The truth behind the ‘drop’ in LSAT test takers and law school admissions
The cliff-notes version: ‘It’s the economy, stupid.’
The long-winded version:
For many months I have been reading articles tolling the death knell for LSAT takers and, by extension, law schools admissions, the existence of law schools themselves, and even the entire legal profession. The single factual nugget behind the most recent of these stories is a two-year trend which has seen the number of LSAT test-takers drop by 25%.
Wow, a 25% drop; that sounds bad. Except that it is not, and it may even bode well for the economy.
These articles are guilty of a classic flaw that we see tested in the LSAT. It boils down to sloppy reporting by blogs, including some that I would hope to see better work-product from, like the New York Times, or a particularly egregious example in Slate. (I didn’t include links, the posts were so flawed that they don’t deserve the validation of my link. Look them up if you like.) Sloppy bloggers by themselves do no great harm. The real problem is that these stories get picked up by the print media, which feeds the story into a new echo chamber, and pretty soon, it becomes the accepted fact. Before you know it, your grandpa is trying to talk you out of a legal career because now even he knows that going to law school is a dead-end career choice.
Before I cast down any more invective upon the heads of these hapless bloggers who, after all, may just be starving English majors trying to fill their daily word quota, I will present evidence to back my argument that LSAT takers and the economy basically move in lockstep.
You don’t have to take my word for it, look at the data yourself:
Wikipedia chart of US recession years: https://en.wikipedia.org/wiki/List_of_recessions_in_the_United_States
LSAC chart of LSAT tests administered: https://www.lsac.org/lsacresources/Data/lsats-administered.asp
If you don’t want to review the data, here is my take. I look at those two charts and to me it seems obvious that LSAT takers (and by extension law school applications) are closely and directly related to the state of the economy. Economy good, few LSAT takers. Economy bad, more LSAT takers. Almost to the month, the number of LSAT takers climb in a recession and fall whenever we are not in a recession.
One could also argue that it was the previous few years that were the abberation with an exceptionally high number of LSAT takers, and we are simply now reverting to mean.

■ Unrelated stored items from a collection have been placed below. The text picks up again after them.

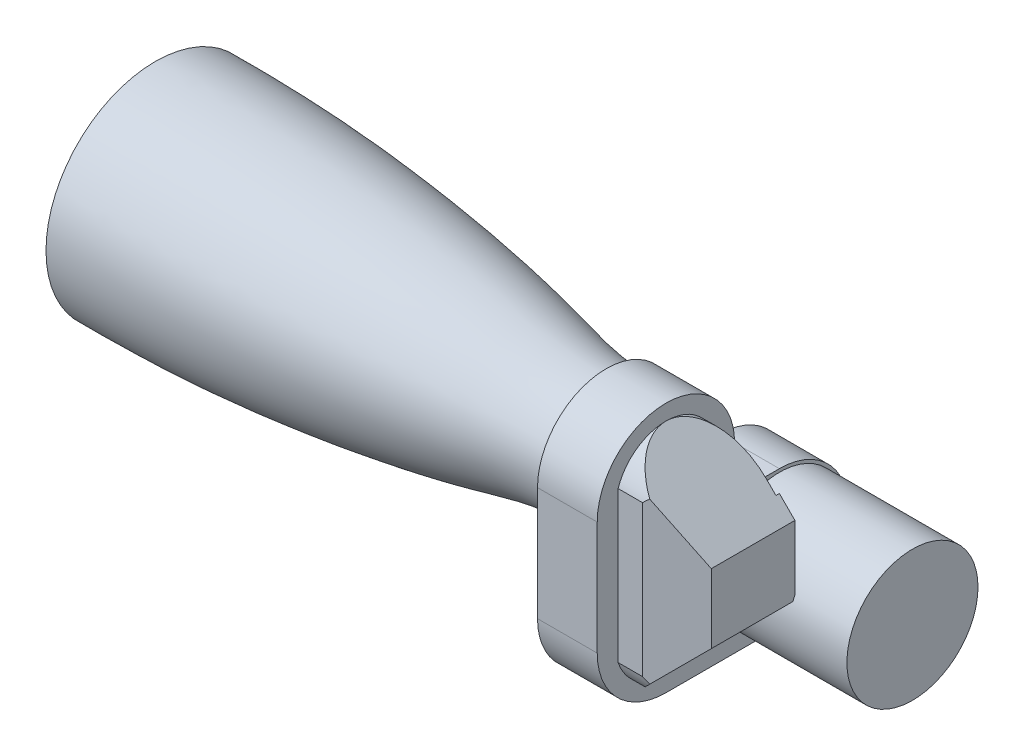
ISO-10303-21;
HEADER;
FILE_DESCRIPTION(('STEP AP214'),'2;1');
FILE_NAME('part.step','',(''),(''),'','','');
FILE_SCHEMA(('AUTOMOTIVE_DESIGN { 1 0 10303 214 1 1 1 1 }'));
ENDSEC;
DATA;
#1=APPLICATION_CONTEXT('core data for automotive mechanical design processes');
#2=APPLICATION_PROTOCOL_DEFINITION('international standard','automotive_design',2000,#1);
#3=PRODUCT_CONTEXT('',#1,'mechanical');
#4=PRODUCT('Part','Part','',(#3));
#5=PRODUCT_RELATED_PRODUCT_CATEGORY('part','',(#4));
#6=PRODUCT_DEFINITION_FORMATION('','',#4);
#7=PRODUCT_DEFINITION_CONTEXT('part definition',#1,'design');
#8=PRODUCT_DEFINITION('design','',#6,#7);
#9=PRODUCT_DEFINITION_SHAPE('','',#8);
#10=(LENGTH_UNIT() NAMED_UNIT(*) SI_UNIT(.MILLI.,.METRE.));
#11=(NAMED_UNIT(*) PLANE_ANGLE_UNIT() SI_UNIT($,.RADIAN.));
#12=(NAMED_UNIT(*) SI_UNIT($,.STERADIAN.) SOLID_ANGLE_UNIT());
#13=UNCERTAINTY_MEASURE_WITH_UNIT(LENGTH_MEASURE(1.E-05),#10,'distance_accuracy_value','');
#14=(GEOMETRIC_REPRESENTATION_CONTEXT(3) GLOBAL_UNCERTAINTY_ASSIGNED_CONTEXT((#13)) GLOBAL_UNIT_ASSIGNED_CONTEXT((#10,
#11,#12)) REPRESENTATION_CONTEXT('',''));
#15=CARTESIAN_POINT('',(0.,0.,0.));
#16=DIRECTION('',(0.,0.,1.));
#17=DIRECTION('',(1.,0.,0.));
#18=AXIS2_PLACEMENT_3D('',#15,#16,#17);
#19=CARTESIAN_POINT('',(0.,0.,-9.));
#20=DIRECTION('',(0.,0.,1.));
#21=DIRECTION('',(1.,0.,0.));
#22=AXIS2_PLACEMENT_3D('',#19,#20,#21);
#23=PLANE('',#22);
#24=DIRECTION('',(-1.,0.,0.));
#25=VECTOR('',#24,1.);
#26=CARTESIAN_POINT('',(107.78,-14.4777632746615,-9.));
#27=LINE('',#26,#25);
#28=CARTESIAN_POINT('',(95.5,-14.4777632746615,-9.));
#29=VERTEX_POINT('',#28);
#30=CARTESIAN_POINT('',(98.1,-14.4777632746615,-9.));
#31=VERTEX_POINT('',#30);
#32=EDGE_CURVE('E227',#29,#31,#27,.F.);
#33=ORIENTED_EDGE('',*,*,#32,.F.);
#34=DIRECTION('',(0.,1.,0.));
#35=VECTOR('',#34,1.);
#36=CARTESIAN_POINT('',(95.5,0.,-9.));
#37=LINE('',#36,#35);
#38=CARTESIAN_POINT('',(95.5,-1.10000000000001,-9.));
#39=VERTEX_POINT('',#38);
#40=EDGE_CURVE('E224',#29,#39,#37,.T.);
#41=ORIENTED_EDGE('',*,*,#40,.T.);
#42=DIRECTION('',(-0.707106781186548,0.707106781186547,0.));
#43=VECTOR('',#42,1.);
#44=CARTESIAN_POINT('',(98.1,-3.70000000000001,-9.));
#45=LINE('',#44,#43);
#46=CARTESIAN_POINT('',(98.1,-3.70000000000001,-9.));
#47=VERTEX_POINT('',#46);
#48=EDGE_CURVE('E287',#47,#39,#45,.T.);
#49=ORIENTED_EDGE('',*,*,#48,.F.);
#50=DIRECTION('',(0.,1.,0.));
#51=VECTOR('',#50,1.);
#52=CARTESIAN_POINT('',(98.1,-15.3,-9.));
#53=LINE('',#52,#51);
#54=EDGE_CURVE('E259',#31,#47,#53,.T.);
#55=ORIENTED_EDGE('',*,*,#54,.F.);
#56=EDGE_LOOP('',(#33,#41,#49,#55));
#57=FACE_BOUND('',#56,.T.);
#58=ADVANCED_FACE('F50',(#57),#23,.F.);
#59=CARTESIAN_POINT('',(95.5,-19.4764920865433,0.));
#60=DIRECTION('',(-1.,0.,0.));
#61=DIRECTION('',(0.,0.,1.));
#62=AXIS2_PLACEMENT_3D('',#59,#60,#61);
#63=CYLINDRICAL_SURFACE('',#62,8.4235079134567);
#64=DIRECTION('',(-1.,0.,0.));
#65=VECTOR('',#64,1.);
#66=CARTESIAN_POINT('',(96.64,-21.194043661412,-8.246544861682));
#67=LINE('',#66,#65);
#68=CARTESIAN_POINT('',(92.205956338588,-21.194043661412,-8.246544861682));
#69=VERTEX_POINT('',#68);
#70=CARTESIAN_POINT('',(85.5,-21.194043661412,-8.246544861682));
#71=VERTEX_POINT('',#70);
#72=EDGE_CURVE('E473',#69,#71,#67,.T.);
#73=ORIENTED_EDGE('',*,*,#72,.F.);
#74=CARTESIAN_POINT('',(93.9235079134567,-19.4764920865433,0.));
#75=DIRECTION('',(0.707106781186548,-0.707106781186547,0.));
#76=DIRECTION('',(-0.707106781186547,-0.707106781186548,0.));
#77=AXIS2_PLACEMENT_3D('',#74,#75,#76);
#78=ELLIPSE('',#77,11.9126391339675,8.4235079134567);
#79=CARTESIAN_POINT('',(85.5,-27.9,0.));
#80=VERTEX_POINT('',#79);
#81=EDGE_CURVE('E487',#69,#80,#78,.F.);
#82=ORIENTED_EDGE('',*,*,#81,.T.);
#83=CARTESIAN_POINT('',(85.5,-19.4764920865433,0.));
#84=DIRECTION('',(1.,0.,0.));
#85=DIRECTION('',(0.,0.,-1.));
#86=AXIS2_PLACEMENT_3D('',#83,#84,#85);
#87=CIRCLE('',#86,8.4235079134567);
#88=EDGE_CURVE('E479',#80,#71,#87,.T.);
#89=ORIENTED_EDGE('',*,*,#88,.T.);
#90=EDGE_LOOP('',(#73,#82,#89));
#91=FACE_BOUND('',#90,.T.);
#92=ADVANCED_FACE('F419',(#91),#63,.T.);
#93=CARTESIAN_POINT('',(95.5,0.476492086543301,-8.4235079134567));
#94=DIRECTION('',(0.,0.,1.));
#95=DIRECTION('',(0.,-1.,0.));
#96=AXIS2_PLACEMENT_3D('',#93,#94,#95);
#97=PLANE('',#96);
#98=DIRECTION('',(-1.,0.,0.));
#99=VECTOR('',#98,1.);
#100=CARTESIAN_POINT('',(107.78,-16.0693959422524,-8.4235079134567));
#101=LINE('',#100,#99);
#102=CARTESIAN_POINT('',(85.5,-16.0693959422524,-8.4235079134567));
#103=VERTEX_POINT('',#102);
#104=CARTESIAN_POINT('',(95.5,-16.0693959422524,-8.4235079134567));
#105=VERTEX_POINT('',#104);
#106=EDGE_CURVE('E209',#103,#105,#101,.F.);
#107=ORIENTED_EDGE('',*,*,#106,.F.);
#108=DIRECTION('',(0.,1.,0.));
#109=VECTOR('',#108,1.);
#110=CARTESIAN_POINT('',(85.5,0.476492086543301,-8.4235079134567));
#111=LINE('',#110,#109);
#112=CARTESIAN_POINT('',(85.5,0.476492086543301,-8.4235079134567));
#113=VERTEX_POINT('',#112);
#114=EDGE_CURVE('E218',#103,#113,#111,.T.);
#115=ORIENTED_EDGE('',*,*,#114,.T.);
#116=DIRECTION('',(-1.,0.,0.));
#117=VECTOR('',#116,1.);
#118=CARTESIAN_POINT('',(95.5,0.476492086543301,-8.4235079134567));
#119=LINE('',#118,#117);
#120=CARTESIAN_POINT('',(93.9235079134567,0.476492086543302,-8.4235079134567));
#121=VERTEX_POINT('',#120);
#122=EDGE_CURVE('E217',#121,#113,#119,.T.);
#123=ORIENTED_EDGE('',*,*,#122,.F.);
#124=DIRECTION('',(0.707106781186548,-0.707106781186547,0.));
#125=VECTOR('',#124,1.);
#126=CARTESIAN_POINT('',(98.1,-3.70000000000001,-8.4235079134567));
#127=LINE('',#126,#125);
#128=CARTESIAN_POINT('',(95.5,-1.10000000000001,-8.4235079134567));
#129=VERTEX_POINT('',#128);
#130=EDGE_CURVE('E213',#121,#129,#127,.T.);
#131=ORIENTED_EDGE('',*,*,#130,.T.);
#132=DIRECTION('',(0.,1.,0.));
#133=VECTOR('',#132,1.);
#134=CARTESIAN_POINT('',(95.5,0.476492086543301,-8.4235079134567));
#135=LINE('',#134,#133);
#136=EDGE_CURVE('E205',#105,#129,#135,.T.);
#137=ORIENTED_EDGE('',*,*,#136,.F.);
#138=EDGE_LOOP('',(#107,#115,#123,#131,#137));
#139=FACE_BOUND('',#138,.T.);
#140=ADVANCED_FACE('F207',(#139),#97,.F.);
#141=CARTESIAN_POINT('',(75.5,0.,-10.));
#142=CARTESIAN_POINT('',(69.7771319606139,0.,-10.));
#143=CARTESIAN_POINT('',(54.8823021301623,0.,-14.0807519619506));
#144=CARTESIAN_POINT('',(26.9900751891377,0.,-17.7428726670406));
#145=CARTESIAN_POINT('',(9.74070149054793,0.,-18.3));
#146=CARTESIAN_POINT('',(0.,0.,-18.3));
#147=B_SPLINE_CURVE_WITH_KNOTS('',3,(#141,#142,#143,#144,#145,#146),.UNSPECIFIED.,.F.,.F.,(4,1,
1,4),(0.,0.191187110643111,0.683672229909023,1.),.UNSPECIFIED.);
#148=CARTESIAN_POINT('',(0.,0.,0.));
#149=DIRECTION('',(-1.,0.,0.));
#150=AXIS1_PLACEMENT('',#148,#149);
#151=SURFACE_OF_REVOLUTION('',#147,#150);
#152=CARTESIAN_POINT('',(0.,0.,0.));
#153=DIRECTION('',(-1.,0.,0.));
#154=DIRECTION('',(0.,0.,1.));
#155=AXIS2_PLACEMENT_3D('',#152,#153,#154);
#156=CIRCLE('',#155,18.3);
#157=CARTESIAN_POINT('',(0.,0.,18.3));
#158=VERTEX_POINT('',#157);
#159=EDGE_CURVE('E298',#158,#158,#156,.T.);
#160=ORIENTED_EDGE('',*,*,#159,.F.);
#161=EDGE_LOOP('',(#160));
#162=FACE_BOUND('',#161,.T.);
#163=CARTESIAN_POINT('',(75.5,0.,0.));
#164=DIRECTION('',(-1.,0.,0.));
#165=DIRECTION('',(0.,0.,1.));
#166=AXIS2_PLACEMENT_3D('',#163,#164,#165);
#167=CIRCLE('',#166,10.);
#168=CARTESIAN_POINT('',(75.5,0.,10.));
#169=VERTEX_POINT('',#168);
#170=EDGE_CURVE('E355',#169,#169,#167,.T.);
#171=ORIENTED_EDGE('',*,*,#170,.T.);
#172=EDGE_LOOP('',(#171));
#173=FACE_BOUND('',#172,.T.);
#174=ADVANCED_FACE('F363',(#162,#173),#151,.T.);
#175=CARTESIAN_POINT('',(0.,0.,0.));
#176=DIRECTION('',(1.,0.,0.));
#177=DIRECTION('',(0.,0.,-1.));
#178=AXIS2_PLACEMENT_3D('',#175,#176,#177);
#179=PLANE('',#178);
#180=ORIENTED_EDGE('',*,*,#159,.T.);
#181=EDGE_LOOP('',(#180));
#182=FACE_BOUND('',#181,.T.);
#183=ADVANCED_FACE('F366',(#182),#179,.F.);
#184=CARTESIAN_POINT('',(85.5,0.,11.5));
#185=DIRECTION('',(0.,0.,-1.));
#186=DIRECTION('',(0.,1.,0.));
#187=AXIS2_PLACEMENT_3D('',#184,#185,#186);
#188=PLANE('',#187);
#189=DIRECTION('',(0.,-1.,0.));
#190=VECTOR('',#189,1.);
#191=CARTESIAN_POINT('',(75.5,0.,11.5));
#192=LINE('',#191,#190);
#193=CARTESIAN_POINT('',(75.5,0.,11.5));
#194=VERTEX_POINT('',#193);
#195=CARTESIAN_POINT('',(75.5,-19.,11.5));
#196=VERTEX_POINT('',#195);
#197=EDGE_CURVE('E260',#194,#196,#192,.T.);
#198=ORIENTED_EDGE('',*,*,#197,.T.);
#199=DIRECTION('',(-1.,0.,0.));
#200=VECTOR('',#199,1.);
#201=CARTESIAN_POINT('',(85.5,-19.,11.5));
#202=LINE('',#201,#200);
#203=CARTESIAN_POINT('',(85.5,-19.,11.5));
#204=VERTEX_POINT('',#203);
#205=EDGE_CURVE('E352',#204,#196,#202,.T.);
#206=ORIENTED_EDGE('',*,*,#205,.F.);
#207=DIRECTION('',(0.,-1.,0.));
#208=VECTOR('',#207,1.);
#209=CARTESIAN_POINT('',(85.5,0.,11.5));
#210=LINE('',#209,#208);
#211=CARTESIAN_POINT('',(85.5,0.,11.5));
#212=VERTEX_POINT('',#211);
#213=EDGE_CURVE('E300',#212,#204,#210,.T.);
#214=ORIENTED_EDGE('',*,*,#213,.F.);
#215=DIRECTION('',(-1.,0.,0.));
#216=VECTOR('',#215,1.);
#217=CARTESIAN_POINT('',(85.5,0.,11.5));
#218=LINE('',#217,#216);
#219=EDGE_CURVE('E318',#212,#194,#218,.T.);
#220=ORIENTED_EDGE('',*,*,#219,.T.);
#221=EDGE_LOOP('',(#198,#206,#214,#220));
#222=FACE_BOUND('',#221,.T.);
#223=ADVANCED_FACE('F370',(#222),#188,.F.);
#224=CARTESIAN_POINT('',(85.5,-19.,0.));
#225=DIRECTION('',(-1.,0.,0.));
#226=DIRECTION('',(0.,0.,1.));
#227=AXIS2_PLACEMENT_3D('',#224,#225,#226);
#228=CYLINDRICAL_SURFACE('',#227,11.5);
#229=CARTESIAN_POINT('',(75.5,-19.,0.));
#230=DIRECTION('',(1.,0.,0.));
#231=DIRECTION('',(0.,0.,-1.));
#232=AXIS2_PLACEMENT_3D('',#229,#230,#231);
#233=CIRCLE('',#232,11.5);
#234=CARTESIAN_POINT('',(75.5,-30.5,0.));
#235=VERTEX_POINT('',#234);
#236=EDGE_CURVE('E321',#196,#235,#233,.T.);
#237=ORIENTED_EDGE('',*,*,#236,.T.);
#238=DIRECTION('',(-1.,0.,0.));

The lesson to be learned is to never base this kind of conclusion on a two-year trend. Ironically, this would make for a good ‘flaw in the reasoning’ question on the LSAT. On the LSAT the correct answer to a ‘what is the flaw in the reasoning’ question is often that the sample being relied upon is insufficient to support this broad of a conclusion. These English-major bloggers would get that question wrong.
Now I don’t know with any more certainty than they do or you do what the future holds for the legal profession, but I do know that basing far-reaching conclusions on an insufficient data sample will cost you a point on the LSAT, and more importantly, it should be avoided when you decide if law school is part of your future. In fact, some folks are saying that right now law school is a buyers market, with scholarships much more easily obtained than in years past. So now may be a great time to be a contrarian and apply to law school.
Miscellaneous tidbits not covered in the main article:
I was wondering if my theory didn’t hold water when I saw that the LSAT takers continued to increase for a full year after the recession ended in Nov 2001. Perhaps it was the first ‘jobless recovery’ was to blame? The unemployment rate charts at https://www.tradingeconomics.com/united-states/unemployment-rate seem to bear this out and provide additional validation of my theory.
Finally, I was wondering about that big spike in LSATs in 1988-89 where there was no recession and jobless rate was flat to declining.
It really seems to blow my theory out of the water.
I found an explanation that people in 1989 were satisfied with.
‘Applications Hit Record Highs for U.S. Law Schools: Increase Attributed to Impact of Television Hit ‘L.A. Law’’ August 20, 1989
https://articles.latimes.com/1989-08-20/local/me-1216_1_law-school-applications
Weird, huh? Never discount the effect of outside variables. Hey, that could be another LSAT question right there.